Artigo

E depois do show do impeachment?

por Hélio Gurovitz, em O Globo

O julgamento final da presidente afastada Dilma Rousseff no Senado promete um show nos próximos dias. De hoje até o começo da semana que vem, haverá uma série de depoimentos da acusação e defesa, com direito a arguição da plateia, um pronunciamento da própria Dilma, depois uma interminável sucessão de discursos de senadores, para não falar no sempiterno blá-blá-blá dos advogados. A coisa toda não termina antes da próxima terça-feira, muito provavelmente na madrugada de quarta. Mas que ninguém tenha dúvida do resultado: Dilma perderá o mandato.

As chances de ela conseguir mudar essa realidade são idênticas às que ela sempre teve quando, várias vezes, quis mudar a realidade. Só existem no plano da teoria. Atualizei a projeção que publiquei ontem do número esperado de votos contrários a Dilma no Senado. Além das informações das votações já realizadas no Senado e dos levantamos dos jornaisFolha de S. Paulo, O Estado de S.Paulo e do site Vem Pra Rua, incluí também as informações publicadas ontem pelo jornal O Globo.

Dependendo do rigor aplicado na análise das informações (um fator sempre arbitrário em qualquer estatística), o valor esperado de votos contrários a Dilma vai agora de 55,4 a 59, patamar mais que suficiente do que os 54 necessários para condená-la. Trata-se, como afirmei em comentário, de uma projeção conservadora. Ela leva em conta apenas o que já foi feito ou declarado pelos senadores, mas não as articulações de última hora, nem a lógica política que faz os indecisos apoiarem o lado vencedor no dia da votação, como ocorreu na Câmara. De todo modo, os votos indefinidos, a esta altura, não chegam a quatro.

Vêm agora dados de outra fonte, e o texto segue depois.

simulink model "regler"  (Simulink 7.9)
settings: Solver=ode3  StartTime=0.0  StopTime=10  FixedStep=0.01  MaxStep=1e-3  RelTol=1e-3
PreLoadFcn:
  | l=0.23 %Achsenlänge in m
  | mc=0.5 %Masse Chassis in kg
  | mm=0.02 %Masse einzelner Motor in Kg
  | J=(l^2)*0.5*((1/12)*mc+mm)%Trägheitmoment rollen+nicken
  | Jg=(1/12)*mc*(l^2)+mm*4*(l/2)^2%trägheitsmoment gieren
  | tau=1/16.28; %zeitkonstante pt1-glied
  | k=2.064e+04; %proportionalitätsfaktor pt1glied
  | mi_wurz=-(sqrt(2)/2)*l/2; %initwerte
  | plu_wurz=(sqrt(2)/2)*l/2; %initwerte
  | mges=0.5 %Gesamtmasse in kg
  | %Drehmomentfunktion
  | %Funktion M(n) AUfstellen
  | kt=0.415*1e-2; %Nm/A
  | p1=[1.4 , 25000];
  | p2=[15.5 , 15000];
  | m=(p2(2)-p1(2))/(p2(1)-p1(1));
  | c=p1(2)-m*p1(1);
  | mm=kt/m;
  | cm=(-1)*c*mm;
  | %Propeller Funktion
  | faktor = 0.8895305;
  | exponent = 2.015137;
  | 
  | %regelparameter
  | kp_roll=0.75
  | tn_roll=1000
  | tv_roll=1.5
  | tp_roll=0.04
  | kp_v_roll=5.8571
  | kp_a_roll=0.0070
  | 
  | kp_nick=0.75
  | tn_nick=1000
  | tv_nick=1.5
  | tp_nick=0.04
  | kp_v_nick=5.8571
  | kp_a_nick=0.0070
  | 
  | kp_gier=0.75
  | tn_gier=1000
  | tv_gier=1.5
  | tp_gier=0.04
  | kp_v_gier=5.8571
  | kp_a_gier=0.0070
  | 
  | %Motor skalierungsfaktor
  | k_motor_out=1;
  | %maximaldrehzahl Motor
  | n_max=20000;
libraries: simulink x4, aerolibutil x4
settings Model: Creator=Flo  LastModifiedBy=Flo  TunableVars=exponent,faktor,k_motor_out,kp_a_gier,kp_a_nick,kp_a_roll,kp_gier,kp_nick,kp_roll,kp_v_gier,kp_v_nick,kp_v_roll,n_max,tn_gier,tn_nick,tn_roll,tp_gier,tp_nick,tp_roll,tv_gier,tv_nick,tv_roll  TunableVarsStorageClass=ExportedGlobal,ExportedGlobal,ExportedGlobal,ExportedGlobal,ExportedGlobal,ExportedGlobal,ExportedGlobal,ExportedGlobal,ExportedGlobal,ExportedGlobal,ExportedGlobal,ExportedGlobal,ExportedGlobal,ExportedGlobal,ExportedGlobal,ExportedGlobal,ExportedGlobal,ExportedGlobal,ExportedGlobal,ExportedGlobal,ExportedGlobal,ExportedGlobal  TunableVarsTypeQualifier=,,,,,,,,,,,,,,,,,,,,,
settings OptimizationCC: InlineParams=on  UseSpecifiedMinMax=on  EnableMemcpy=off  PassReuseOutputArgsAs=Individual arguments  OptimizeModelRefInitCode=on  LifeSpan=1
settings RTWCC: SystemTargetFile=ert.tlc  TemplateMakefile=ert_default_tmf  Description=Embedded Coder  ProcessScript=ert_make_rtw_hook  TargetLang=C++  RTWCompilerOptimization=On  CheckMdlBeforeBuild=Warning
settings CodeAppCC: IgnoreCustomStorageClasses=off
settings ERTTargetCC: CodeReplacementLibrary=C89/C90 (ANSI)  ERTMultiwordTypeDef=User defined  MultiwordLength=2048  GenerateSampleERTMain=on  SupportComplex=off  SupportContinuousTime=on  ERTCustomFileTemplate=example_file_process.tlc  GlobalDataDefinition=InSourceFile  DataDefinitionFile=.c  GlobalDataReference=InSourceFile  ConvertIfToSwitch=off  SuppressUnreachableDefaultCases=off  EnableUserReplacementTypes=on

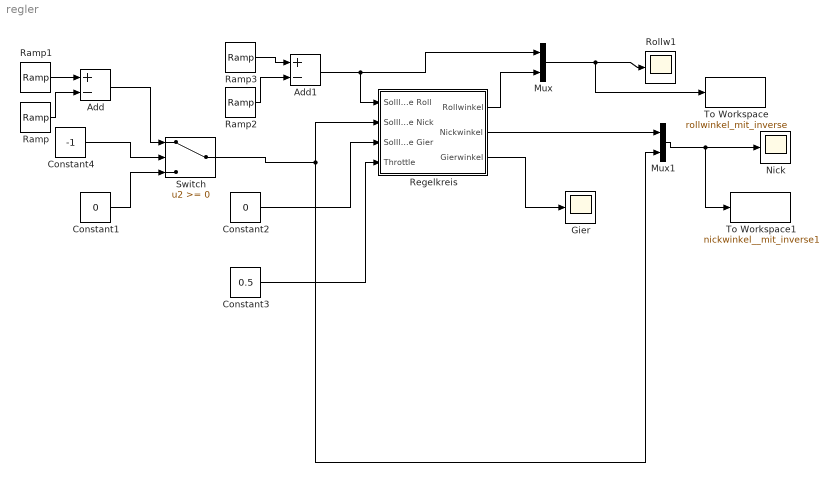
== system regler ==
  Add : Sum  Inputs=+-
  Add1 : Sum  Inputs=+-
  Constant1 : Constant  Value=0
  Constant2 : Constant  Value=0
  Constant3 : Constant  Value=0.5
  Constant4 : Constant  Value=-1
  Gier : Scope
      settings: YMin=0.05  YMax=0.275  SaveName=ScopeData25
  Mux : Mux  Inputs=2
  Mux1 : Mux  Inputs=2
  Nick : Scope
      settings: YMin=0.8  YMax=0.94  SaveName=ScopeData26
  Ramp : simulink/Sources/Ramp  slope=4  start=1.05  X0=0
  Ramp1 : simulink/Sources/Ramp  slope=4  start=1  X0=0
  Ramp2 : simulink/Sources/Ramp  slope=4  start=1.6  X0=0
  Ramp3 : simulink/Sources/Ramp  slope=4  start=1.5  X0=0
  Regelkreis : Subsystem
  Rollw1 : Scope
      settings: TimeRange=0.03425507699014805  YMin=0.5004659956947598  YMax=0.5014065398919517  SaveName=ScopeData2
  Switch : Switch
  To Workspace : ToWorkspace  VariableName=rollwinkel_mit_inverse  SampleTime=-1  SaveFormat=Timeseries
  To Workspace1 : ToWorkspace  VariableName=nickwinkel__mit_inverse1  SampleTime=-1  SaveFormat=Timeseries
  wires:
  Constant2/1 -> Regelkreis/3(Solllage Gier)
  Constant3/1 -> Regelkreis/4(Throttle)
  Regelkreis/1(Rollwinkel) -> Mux/2
  Regelkreis/3(Gierwinkel) -> Gier/1
  Ramp1/1 -> Add/1
  Ramp/1 -> Add/2
  Mux/1 -> Rollw1/1, To Workspace/1
  Add/1 -> Switch/1
  Constant4/1 -> Switch/2
  Ramp3/1 -> Add1/1
  Ramp2/1 -> Add1/2
  Switch/1 -> Regelkreis/2(Solllage Nick), Mux1/2
  Mux1/1 -> Nick/1, To Workspace1/1
  Regelkreis/2(Nickwinkel) -> Mux1/1
  Constant1/1 -> Switch/3
  Add1/1 -> Mux/1, Regelkreis/1(Solllage Roll)

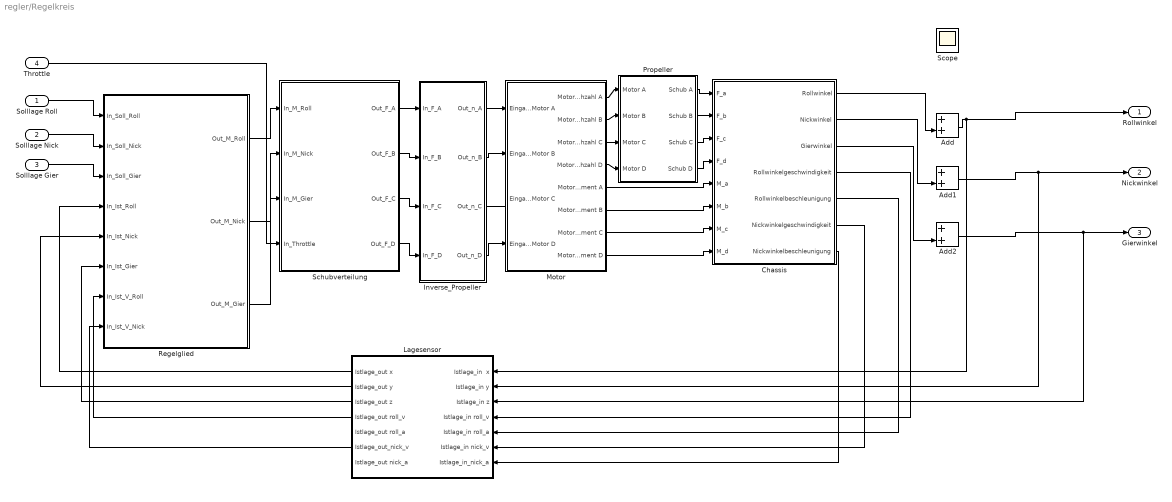
== system regler/Regelkreis ==
  Solllage Roll : Inport
  Solllage Nick : Inport  Port=2
  Solllage Gier : Inport  Port=3
  Throttle : Inport  Port=4
  Add : Sum
  Add1 : Sum
  Add2 : Sum
  Chassis : Subsystem
  Inverse_Propeller : Subsystem
  Lagesensor : Subsystem
  Motor : Subsystem
  Propeller : Subsystem
  Regelglied : Subsystem
  Schubverteilung : Subsystem
  Scope : Scope
      settings: SaveName=ScopeData5
  Rollwinkel : Outport
  Nickwinkel : Outport  Port=2
  Gierwinkel : Outport  Port=3
  wires:
  Motor/1(Motordrehzahl A) -> Propeller/1(Motor A)
  Motor/2(" Motordrehzahl B") -> Propeller/2(Motor B)
  Motor/3(Motordrehzahl C) -> Propeller/3(Motor C)
  Motor/4(Motordrehzahl D) -> Propeller/4(Motor D)
  Propeller/1(Schub A) -> Chassis/1(F_a)
  Propeller/2(Schub B) -> Chassis/2(F_b)
  Propeller/3(Schub C) -> Chassis/3(F_c)
  Propeller/4(Schub D) -> Chassis/4(F_d)
  Motor/5(Motormoment A) -> Chassis/5(M_a)
  Motor/6(" Motormoment B") -> Chassis/6(M_b)
  Motor/7(Motormoment C) -> Chassis/7(M_c)
  Motor/8(Motormoment D) -> Chassis/8(M_d)
  Solllage Roll/1 -> Regelglied/1(In_Soll_Roll)
  Solllage Nick/1 -> Regelglied/2(In_Soll_Nick)
  Solllage Gier/1 -> Regelglied/3(In_Soll_Gier)
  Lagesensor/1(Istlage_out x) -> Regelglied/4(In_Ist_Roll)
  Lagesensor/2(Istlage_out y) -> Regelglied/5(In_Ist_Nick)
  Lagesensor/3(Istlage_out z) -> Regelglied/6(In_Ist_Gier)
  Chassis/2(Nickwinkel) -> Add1/2
  Chassis/1(Rollwinkel) -> Add/2
  Chassis/3(Gierwinkel) -> Add2/2
  Add/1 -> Rollwinkel/1, Lagesensor/1(Istlage_in  x)
  Add1/1 -> Nickwinkel/1, Lagesensor/2(Istlage_in y)
  Add2/1 -> Gierwinkel/1, Lagesensor/3(Istlage_in z)
  ? -> Add1/1, Add2/1, Add/1, Scope/1
  Regelglied/1(Out_M_Roll) -> Schubverteilung/1(In_M_Roll)
  Regelglied/2(Out_M_Nick) -> Schubverteilung/2(In_M_Nick)
  Regelglied/3(Out_M_Gier) -> Schubverteilung/3(In_M_Gier)
  Chassis/4(Rollwinkelgeschwindigkeit) -> Lagesensor/4(Istlage_in roll_v)
  Lagesensor/4(Istlage_out roll_v) -> Regelglied/7(In_Ist_V_Roll)
  Chassis/5(Rollwinkelbeschleunigung) -> Lagesensor/5(Istlage_in roll_a)
  Chassis/6(Nickwinkelgeschwindigkeit) -> Lagesensor/6(Istlage_in nick_v)
  Chassis/7(Nickwinkelbeschleunigung) -> Lagesensor/7(Istlage_in_nick_a)
  Lagesensor/6(Istlage_out_nick_v) -> Regelglied/8(In_Ist_V_Nick)
  Schubverteilung/1(Out_F_A) -> Inverse_Propeller/1(In_F_A)
  Schubverteilung/2(Out_F_B) -> Inverse_Propeller/2(In_F_B)
  Schubverteilung/3(Out_F_C) -> Inverse_Propeller/3(In_F_C)
  Schubverteilung/4(Out_F_D) -> Inverse_Propeller/4(In_F_D)
  Inverse_Propeller/1(Out_n_A) -> Motor/1(Eingang Motor A)
  Inverse_Propeller/2(Out_n_B) -> Motor/2(Eingang Motor B)
  Inverse_Propeller/3(Out_n_C) -> Motor/3(Eingang Motor C)
  Inverse_Propeller/4(Out_n_D) -> Motor/4(Eingang Motor D)
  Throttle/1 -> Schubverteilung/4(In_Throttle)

Mais importante que a decisão sobre Dilma, portanto, é o o que acontecerá no governo Temer. Eis os quatro pontos críticos no futuro próximo:

Ajuste fiscal – O projeto mais importante deste ano será o limite para gastos públicos, incluindo a renegociação das dívidas estaduais. Aprová-lo custará capital político a Temer. Basta ver o que aconteceu ontem, no Senado, com a emenda constitucional que permite aplicar em outras áreas até 30% das receitas orçamentárias destinadas a saúde e educação. O governo aprovou, mas levou de contrabando um aumento salarial para funcionários da defensoria pública. Novos reajustes para o funcionalismo, de impacto estimado em R$ 68 bilhões até 2018, impõem um desafio ao ajuste fiscal. O  ministro da Fazenda, Henrique Meirelles, já nem esconde mais que haverá alta de impostos para compensar os gastos maiores. Quem esperava de Temer um governo de austeridade, oposto ao descontrole orçamentário de Dilma, terá de se contentar com as declarações dele. Na prática, o buraco fiscal aumentou para R$ 170 bilhões neste ano e deverá, no ano que vem, ficar em R$ 139 bilhões.

Economia – Uma reação na arrecadação poderia ajudar a tapar o buraco. Já há sinais de recuperação industrial, embora não de queda no desemprego. Mas, mesmo no cenário mais otimista, a recessão ainda se arrastará até a metade do ano que vem. Se não houver sinais claros de resolução para a crise fiscal, o mergulho da economia será mais profundo, com volta da inflação e um cenário tétrico, semelhante ou pior ao vivido nos anos 1980. A lua-de-mel do mercado com Temer está muito perto do fim.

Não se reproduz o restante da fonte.